You either cut public infrastructure massively, which should have led to massive job losses or you borrow in the short-term, until you begin to generate revenue.
We felt that laying off thousands of people was not the best way to stimulate growth. Also, when we came into office, about 27 states could not pay salary. If we had allowed that situation to persist, we would have been in depression by now. So, we took the view as a government that the best thing to do was to stimulate growth and spend our way out of trouble, get the state governments to pay salaries, make sure federal government pays and invest in capital infrastructure.
Once growth is restored, you begin to systematically reduce your dependence on borrowing. Now, we are talking about tax and what we are saying is that people should be aware of their responsibilities to their nation.
The solution to borrowing in Nigeria is that we must pay tax. If you pay the taxes properly, there is no need to borrow. Of course, there is the responsibility on the part of government to be more responsible and efficient. We are really focusing on this. We are trying to find ways to cut cost.
Fundamentally, we must invest. We don’t have the power we need, we don’t have the roads yet and there is a lot of money required to fund these projects. If we are able to move our tax to GDP from just six per cent, where it is now, to 10 per cent, it would significantly reduce the amount we need to borrow.
And that would have a wider effect on the economy, reduce borrowing and bring down interest rate.

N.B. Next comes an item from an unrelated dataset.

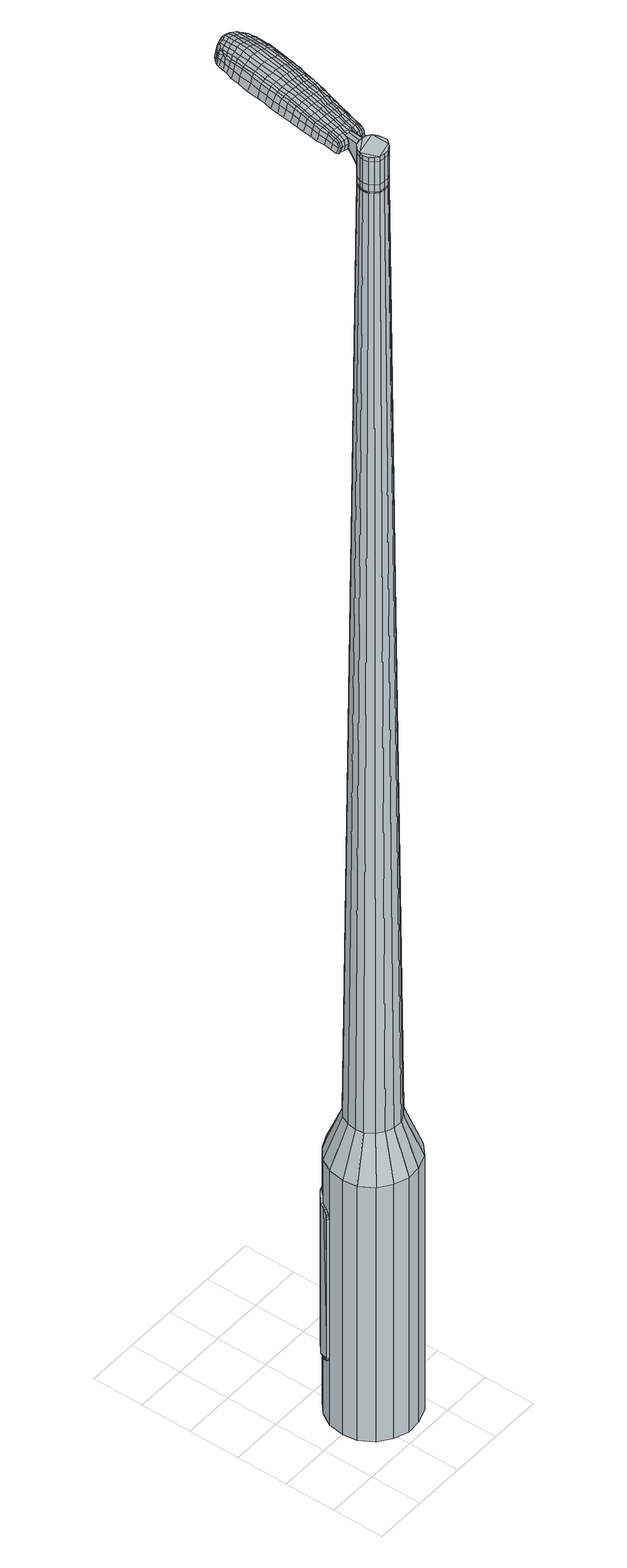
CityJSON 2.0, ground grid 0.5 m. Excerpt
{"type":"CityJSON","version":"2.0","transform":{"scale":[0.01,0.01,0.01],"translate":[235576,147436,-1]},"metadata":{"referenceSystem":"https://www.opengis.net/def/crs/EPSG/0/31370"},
"CityObjects":{
"object1":{"type":"GenericCityObject","attributes":{"cluster":737,"mean_distance_to_centroid":0.348,"new_centroid_x":235576.68,"new_centroid_y":147436.49,"mean_distance_to_camera":10.34,"H1":10.26,"H2":10.09,"Z_final":111.22,"cluster2":-1,"proj_x":235582.17,"proj_y":147437.32,"id_line":65011,"bearing_l":351.43,"distance":5.55,"orientation":"left","G_obj":81.43},"geometry":[{"type":"MultiSurface","lod":"2","boundaries":[[[0,1,2,3]],[[1,4,5,2]],[[4,6,7,5]],[[6,8,9,7]],[[8,10,11,9]],[[10,12,13,11]],[[12,14,15,13]],[[14,16,17,15]],[[16,18,19,17]],[[18,20,21,19]],[[20,22,23,21]],[[22,24,25,23]],[[24,26,27,25]],[[26,28,29,27]],[[28,30,31,29]],[[30,32,33,31]],[[32,34,35,33]],[[34,0,3,35]],[[36,37,38,39]],[[38,40,41,42]],[[41,43,42]],[[42,44,45,46]],[[45,47,46]],[[46,48,49,50]],[[49,51,50]],[[42,46,50,38]],[[50,52,39,38]],[[53,36,39]],[[2,5,7,35]],[[7,9,11,15]],[[11,13,15]],[[15,17,19,23]],[[19,21,23]],[[23,25,27,31]],[[27,29,31]],[[15,23,31,7]],[[31,33,35,7]],[[3,2,35]],[[1,0,54,55]],[[0,34,56,54]],[[34,32,57,56]],[[32,30,58,57]],[[30,28,59,58]],[[28,26,60,59]],[[26,24,61,60]],[[24,22,62,61]],[[22,20,63,62]],[[20,18,64,63]],[[18,16,65,64]],[[16,14,66,65]],[[14,12,67,66]],[[12,10,68,67]],[[10,8,69,68]],[[8,6,70,69]],[[6,4,71,70]],[[4,1,55,71]],[[55,54,72,73]],[[54,56,74,72]],[[56,57,75,74]],[[57,58,76,75]],[[58,59,77,76]],[[59,60,78,77]],[[60,61,79,78]],[[61,62,80,79]],[[62,63,81,80]],[[63,64,82,81]],[[64,65,83,82]],[[65,66,84,83]],[[66,67,85,84]],[[67,68,86,85]],[[68,69,87,86]],[[69,70,88,87]],[[70,71,89,88]],[[71,55,73,89]],[[72,90,91,92]],[[74,93,90,72]],[[94,95,93,74]],[[96,97,95,94]],[[98,99,97,96]],[[100,101,99,98]],[[102,103,101,100]],[[104,105,103,102]],[[106,107,105,104]],[[82,108,107,106]],[[109,110,108,82]],[[84,111,110,109]],[[85,112,111,84]],[[113,114,112,85]],[[87,115,114,113]],[[88,116,115,87]],[[117,118,116,88]],[[92,91,118,117]],[[119,120,121,122]],[[123,119,122,124]],[[125,123,124,126]],[[127,125,126,128]],[[129,127,128,130]],[[131,129,130,132]],[[133,131,132,134]],[[135,133,134,136]],[[137,135,136,138]],[[139,137,138,140]],[[141,139,140,142]],[[143,141,142,144]],[[145,143,144,146]],[[147,145,146,148]],[[149,147,148,150]],[[151,149,150,152]],[[73,72,92]],[[75,94,74]],[[75,76,96,94]],[[76,77,98,96]],[[77,78,100,98]],[[78,79,102,100]],[[79,80,104,102]],[[80,81,106,104]],[[81,82,106]],[[83,109,82]],[[83,84,109]],[[86,113,85]],[[86,87,113]],[[89,117,88]],[[89,73,92,117]],[[153,91,90]],[[153,154,118,91]],[[154,116,118]],[[155,114,115]],[[155,112,114]],[[156,110,111]],[[156,108,110]],[[157,107,108]],[[157,158,105,107]],[[158,159,103,105]],[[159,160,101,103]],[[160,161,99,101]],[[161,162,97,99]],[[162,163,95,97]],[[163,93,95]],[[39,52,151,164]],[[153,90,165,152]],[[53,39,164,120]],[[90,93,121,165]],[[36,53,120,119]],[[93,163,122,121]],[[37,36,119,123]],[[163,162,124,122]],[[38,37,123,125]],[[162,161,126,124]],[[40,38,125,127]],[[161,160,128,126]],[[41,40,127,129]],[[160,159,130,128]],[[43,41,129,131]],[[159,158,132,130]],[[42,43,131,133]],[[158,157,134,132]],[[44,42,133,135]],[[157,108,136,134]],[[45,44,135,137]],[[108,156,138,136]],[[47,45,137,139]],[[156,111,140,138]],[[46,47,139,141]],[[111,112,142,140]],[[48,46,141,143]],[[112,155,144,142]],[[49,48,143,145]],[[155,115,146,144]],[[51,49,145,147]],[[115,116,148,146]],[[50,51,147,149]],[[116,154,150,148]],[[52,50,149,151]],[[154,153,152,150]],[[151,152,166,167]],[[152,165,168,166]],[[165,121,169,168]],[[121,120,170,169]],[[120,164,171,170]],[[164,151,167,171]],[[172,173,174,175]],[[176,172,175,177]],[[172,176,178,179]],[[173,172,179,180]],[[181,182,183,184]],[[185,181,184,186]],[[181,185,187,188]],[[182,181,188,189]],[[190,191,192,193]],[[194,190,193,195]],[[190,194,196,197]],[[191,190,197,198]],[[199,200,201,202]],[[203,199,202,204]],[[199,203,205,206]],[[200,199,206,207]],[[208,209,210,211]],[[212,208,211,213]],[[208,212,214,215]],[[209,208,215,216]],[[217,218,219,220]],[[221,217,220,222]],[[217,221,223,224]],[[218,217,224,225]],[[226,227,228,229]],[[218,226,229,219]],[[226,218,225,230]],[[227,226,230,231]],[[232,233,234,235]],[[227,232,235,228]],[[232,227,231,236]],[[233,232,236,237]],[[238,176,177,239]],[[233,238,239,234]],[[238,233,237,240]],[[176,238,240,178]],[[241,242,243,244]],[[245,241,244,246]],[[241,245,247,248]],[[242,241,248,249]],[[250,251,252,253]],[[242,250,253,243]],[[250,242,249,254]],[[251,250,254,255]],[[256,257,258,259]],[[251,256,259,252]],[[256,251,255,260]],[[257,256,260,261]],[[262,263,264,265]],[[257,262,265,258]],[[262,257,261,266]],[[263,262,266,267]],[[268,173,180,269]],[[263,268,269,264]],[[268,263,267,270]],[[173,268,270,174]],[[271,272,273,274]],[[275,271,274,276]],[[271,275,277,278]],[[272,271,278,279]],[[280,281,282,283]],[[272,280,283,273]],[[280,272,279,284]],[[281,280,284,285]],[[286,287,288,289]],[[281,286,289,282]],[[286,281,285,290]],[[287,286,290,291]],[[292,185,186,293]],[[287,292,293,288]],[[292,287,291,294]],[[185,292,294,187]],[[295,296,297,298]],[[299,295,298,300]],[[295,299,301,302]],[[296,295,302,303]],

It will also create head room for the private sector to borrow, because they are currently being crowded out.
There also concerns about state governments’ acquisition of foreign loans?
ADEOSUN: Any state government has to come to us to get an approval to borrow. We perform Debt Sustainability Analysis and if the repayment is more than 40 per cent of their revenue, we turn it down.
So, when people are talking of how many loans we are approving, they don’t talk about how many loans we are turning down. Many do not go through and we are constantly monitoring state governments to ensure that the debt that they take on is sustainable.
The problem with some of the states that have debt problems are legacy issues that were there before they came in. But since, we came in, we have been very strict, trying to make sure states do not borrow more than they can service.
Nigeria’s debt to GDP ratio is one of the lowest. We are at 19 per cent, but most advanced countries have over 100 per cent. I am not saying we need to move to 100 per cent, but I am saying we need to tolerate a little more debt in the short-term to deliver the rails, the roads and power so as to generate economic activities, jobs, revenue, which would be used to pay back the debt. But I assure you that this government is very prudent around debt. We don’t borrow recklessly and we have no intention of bequeathing unserviceable debts on Nigerians.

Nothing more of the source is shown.